ABOUT THIS EXERCISE: Take the listing below and print exactly the lines starting at the line containing "#452 = DIRECTION" and ending at the line containing "#5911 = DIRECTION", both ends included, and no others.

::::::::

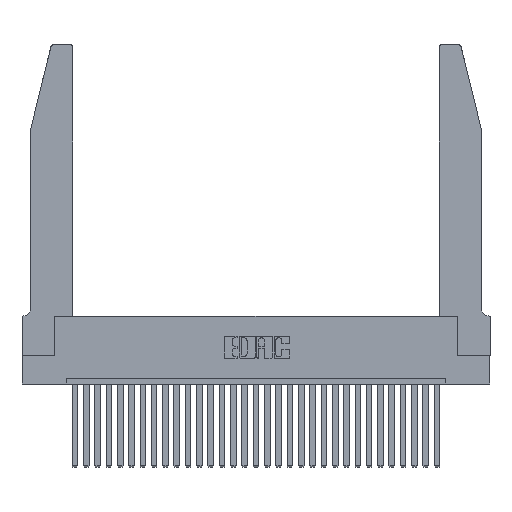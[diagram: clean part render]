
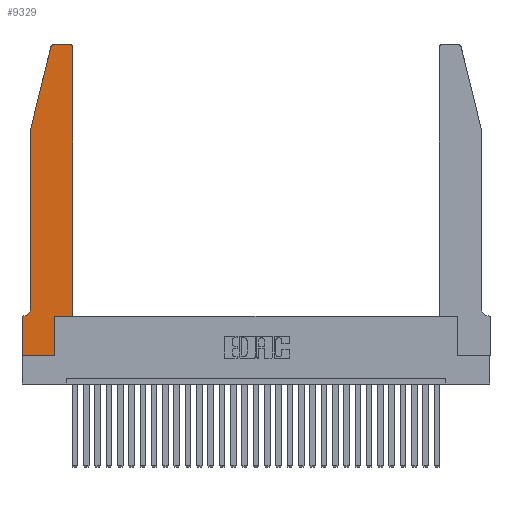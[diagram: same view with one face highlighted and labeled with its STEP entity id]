
A CAD part, top view. The second image highlights one B-rep face of the part: STEP entity #9329.
In plain terms, the highlighted planar face has unit normal (0, 0, 1).
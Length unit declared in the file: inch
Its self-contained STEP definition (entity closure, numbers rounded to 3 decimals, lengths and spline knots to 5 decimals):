
#89 = EDGE_CURVE ( 'NONE', #27598, #24152, #14662, .T. ) ;
#452 = DIRECTION ( 'NONE',  ( -1., 0., 0. ) ) ;
#1720 = VERTEX_POINT ( 'NONE', #9562 ) ;
#2084 = CARTESIAN_POINT ( 'NONE',  ( 0.284, 2.75, 0.37 ) ) ;
#2180 = DIRECTION ( 'NONE',  ( 1., 0., 0. ) ) ;
#2483 = EDGE_CURVE ( 'NONE', #24152, #25073, #22686, .T. ) ;
#3428 = CARTESIAN_POINT ( 'NONE',  ( 0., 0.35, 0.37 ) ) ;
#3532 = LINE ( 'NONE', #22169, #20554 ) ;
#3760 = VERTEX_POINT ( 'NONE', #7260 ) ;
#3989 = LINE ( 'NONE', #21379, #5082 ) ;
#4291 = VERTEX_POINT ( 'NONE', #2084 ) ;
#4929 = LINE ( 'NONE', #27320, #12701 ) ;
#5082 = VECTOR ( 'NONE', #452, 39.37008 ) ;
#5150 = CARTESIAN_POINT ( 'NONE',  ( 0., 0., 0.37 ) ) ;
#5911 = DIRECTION ( 'NONE',  ( 1., 0., 0. ) ) ;
#7260 = CARTESIAN_POINT ( 'NONE',  ( 0.2865, 0., 0.37 ) ) ;
#7266 = VECTOR ( 'NONE', #16909, 39.37008 ) ;
#7672 = CARTESIAN_POINT ( 'NONE',  ( 0.4505, 2.72, 0.37 ) ) ;
#8099 = ORIENTED_EDGE ( 'NONE', *, *, #2483, .T. ) ;
#8795 = CARTESIAN_POINT ( 'NONE',  ( 0.0055, 0.42, 0.37 ) ) ;
#9304 = CARTESIAN_POINT ( 'NONE',  ( 0.2605, 2.75, 0.37 ) ) ;
#9329 = ADVANCED_FACE ( 'NONE', ( #12160 ), #19649, .T. ) ;
#9425 = VECTOR ( 'NONE', #5911, 39.37008 ) ;
#9516 = AXIS2_PLACEMENT_3D ( 'NONE', #16337, #30646, #23474 ) ;
#9562 = CARTESIAN_POINT ( 'NONE',  ( 0.2865, 0.35, 0.37 ) ) ;
#9871 = VECTOR ( 'NONE', #24505, 39.37008 ) ;
#9976 = CARTESIAN_POINT ( 'NONE',  ( 0.0755, 0.42, 0.37 ) ) ;
#10352 = DIRECTION ( 'NONE',  ( 0., 0., 1. ) ) ;
#10554 = CARTESIAN_POINT ( 'NONE',  ( 0., 0., 0.37 ) ) ;
#10579 = EDGE_CURVE ( 'NONE', #28513, #13209, #29528, .T. ) ;
#10582 = CARTESIAN_POINT ( 'NONE',  ( 0., 0., 0.37 ) ) ;
#10626 = ORIENTED_EDGE ( 'NONE', *, *, #10579, .T. ) ;
#10917 = ORIENTED_EDGE ( 'NONE', *, *, #30291, .T. ) ;
#11175 = DIRECTION ( 'NONE',  ( -1., 0., 0. ) ) ;
#11405 = AXIS2_PLACEMENT_3D ( 'NONE', #3428, #10352, #26990 ) ;
#11533 = VECTOR ( 'NONE', #25882, 39.37008 ) ;
#12160 = FACE_OUTER_BOUND ( 'NONE', #26843, .T. ) ;
#12383 = EDGE_CURVE ( 'NONE', #1720, #27598, #26174, .T. ) ;
#12701 = VECTOR ( 'NONE', #20191, 39.37008 ) ;
#13209 = VERTEX_POINT ( 'NONE', #18322 ) ;
#13944 = CARTESIAN_POINT ( 'NONE',  ( 0.4205, 2.72, 0.37 ) ) ;
#14662 = LINE ( 'NONE', #24977, #28735 ) ;
#15310 = ORIENTED_EDGE ( 'NONE', *, *, #22578, .T. ) ;
#15691 = CARTESIAN_POINT ( 'NONE',  ( 0.4505, 0.35, 0.37 ) ) ;
#15799 = LINE ( 'NONE', #28594, #7266 ) ;
#15965 = DIRECTION ( 'NONE',  ( 1., 0., 0. ) ) ;
#16187 = LINE ( 'NONE', #5150, #9871 ) ;
#16337 = CARTESIAN_POINT ( 'NONE',  ( 0.284, 2.72, 0.37 ) ) ;
#16342 = DIRECTION ( 'NONE',  ( 0., 0., 1. ) ) ;
#16909 = DIRECTION ( 'NONE',  ( -0.239, -0.971, 0. ) ) ;
#16929 = ORIENTED_EDGE ( 'NONE', *, *, #28441, .T. ) ;
#17199 = EDGE_CURVE ( 'NONE', #3760, #1720, #4929, .T. ) ;
#17297 = ORIENTED_EDGE ( 'NONE', *, *, #89, .T. ) ;
#17567 = DIRECTION ( 'NONE',  ( 0., -1., 0. ) ) ;
#17767 = EDGE_CURVE ( 'NONE', #25073, #4291, #19312, .T. ) ;
#18322 = CARTESIAN_POINT ( 'NONE',  ( 0.0055, 0.35, 0.37 ) ) ;
#18771 = CARTESIAN_POINT ( 'NONE',  ( 0.0755, 2., 0.37 ) ) ;
#19006 = CARTESIAN_POINT ( 'NONE',  ( 0.4205, 2.75, 0.37 ) ) ;
#19061 = VERTEX_POINT ( 'NONE', #10582 ) ;
#19271 = VERTEX_POINT ( 'NONE', #29840 ) ;
#19312 = LINE ( 'NONE', #9304, #11533 ) ;
#19649 = PLANE ( 'NONE',  #11405 ) ;
#19678 = ORIENTED_EDGE ( 'NONE', *, *, #12383, .T. ) ;
#20191 = DIRECTION ( 'NONE',  ( 0., 1., 0. ) ) ;
#20554 = VECTOR ( 'NONE', #17567, 39.37008 ) ;
#20590 = DIRECTION ( 'NONE',  ( 0., 0., -1. ) ) ;
#20761 = AXIS2_PLACEMENT_3D ( 'NONE', #8795, #20590, #11175 ) ;
#21094 = CARTESIAN_POINT ( 'NONE',  ( 0.4505, 0.35, 0.37 ) ) ;
#21379 = CARTESIAN_POINT ( 'NONE',  ( 0.0755, 0.35, 0.37 ) ) ;
#21438 = EDGE_CURVE ( 'NONE', #4291, #19271, #26184, .T. ) ;
#21858 = ORIENTED_EDGE ( 'NONE', *, *, #17199, .T. ) ;
#22033 = LINE ( 'NONE', #10554, #9425 ) ;
#22169 = CARTESIAN_POINT ( 'NONE',  ( 0.0755, 2., 0.37 ) ) ;
#22486 = ORIENTED_EDGE ( 'NONE', *, *, #29463, .T. ) ;
#22578 = EDGE_CURVE ( 'NONE', #22917, #28513, #3532, .T. ) ;
#22686 = CIRCLE ( 'NONE', #27543, 0.03 ) ;
#22917 = VERTEX_POINT ( 'NONE', #18771 ) ;
#22942 = CARTESIAN_POINT ( 'NONE',  ( 0., 0.35, 0.37 ) ) ;
#23474 = DIRECTION ( 'NONE',  ( 1., 0., 0. ) ) ;
#23959 = VECTOR ( 'NONE', #15965, 39.37008 ) ;
#24152 = VERTEX_POINT ( 'NONE', #7672 ) ;
#24505 = DIRECTION ( 'NONE',  ( 0., -1., 0. ) ) ;
#24977 = CARTESIAN_POINT ( 'NONE',  ( 0.4505, 0.35, 0.37 ) ) ;
#25073 = VERTEX_POINT ( 'NONE', #19006 ) ;
#25882 = DIRECTION ( 'NONE',  ( -1., 0., 0. ) ) ;
#25959 = VERTEX_POINT ( 'NONE', #22942 ) ;
#26174 = LINE ( 'NONE', #21094, #23959 ) ;
#26184 = CIRCLE ( 'NONE', #9516, 0.03 ) ;
#26843 = EDGE_LOOP ( 'NONE', ( #30002, #30213, #10917, #15310, #10626, #16929, #28809, #22486, #21858, #19678, #17297, #8099 ) ) ;
#26990 = DIRECTION ( 'NONE',  ( 1., 0., 0. ) ) ;
#27320 = CARTESIAN_POINT ( 'NONE',  ( 0.2865, 0.35, 0.37 ) ) ;
#27443 = DIRECTION ( 'NONE',  ( 0., 1., 0. ) ) ;
#27543 = AXIS2_PLACEMENT_3D ( 'NONE', #13944, #16342, #2180 ) ;
#27598 = VERTEX_POINT ( 'NONE', #15691 ) ;
#28441 = EDGE_CURVE ( 'NONE', #13209, #25959, #3989, .T. ) ;
#28513 = VERTEX_POINT ( 'NONE', #9976 ) ;
#28594 = CARTESIAN_POINT ( 'NONE',  ( 0.0755, 2., 0.37 ) ) ;
#28735 = VECTOR ( 'NONE', #27443, 39.37008 ) ;
#28809 = ORIENTED_EDGE ( 'NONE', *, *, #29823, .T. ) ;
#29463 = EDGE_CURVE ( 'NONE', #19061, #3760, #22033, .T. ) ;
#29528 = CIRCLE ( 'NONE', #20761, 0.07 ) ;
#29823 = EDGE_CURVE ( 'NONE', #25959, #19061, #16187, .T. ) ;
#29840 = CARTESIAN_POINT ( 'NONE',  ( 0.25487, 2.72718, 0.37 ) ) ;
#30002 = ORIENTED_EDGE ( 'NONE', *, *, #17767, .T. ) ;
#30213 = ORIENTED_EDGE ( 'NONE', *, *, #21438, .T. ) ;
#30291 = EDGE_CURVE ( 'NONE', #19271, #22917, #15799, .T. ) ;
#30646 = DIRECTION ( 'NONE',  ( 0., 0., 1. ) ) ;

::::::::

ANSWER TO THIS PROBLEM:
#452 = DIRECTION ( 'NONE',  ( -1., 0., 0. ) ) ;
#1720 = VERTEX_POINT ( 'NONE', #9562 ) ;
#2084 = CARTESIAN_POINT ( 'NONE',  ( 0.284, 2.75, 0.37 ) ) ;
#2180 = DIRECTION ( 'NONE',  ( 1., 0., 0. ) ) ;
#2483 = EDGE_CURVE ( 'NONE', #24152, #25073, #22686, .T. ) ;
#3428 = CARTESIAN_POINT ( 'NONE',  ( 0., 0.35, 0.37 ) ) ;
#3532 = LINE ( 'NONE', #22169, #20554 ) ;
#3760 = VERTEX_POINT ( 'NONE', #7260 ) ;
#3989 = LINE ( 'NONE', #21379, #5082 ) ;
#4291 = VERTEX_POINT ( 'NONE', #2084 ) ;
#4929 = LINE ( 'NONE', #27320, #12701 ) ;
#5082 = VECTOR ( 'NONE', #452, 39.37008 ) ;
#5150 = CARTESIAN_POINT ( 'NONE',  ( 0., 0., 0.37 ) ) ;
#5911 = DIRECTION ( 'NONE',  ( 1., 0., 0. ) ) ;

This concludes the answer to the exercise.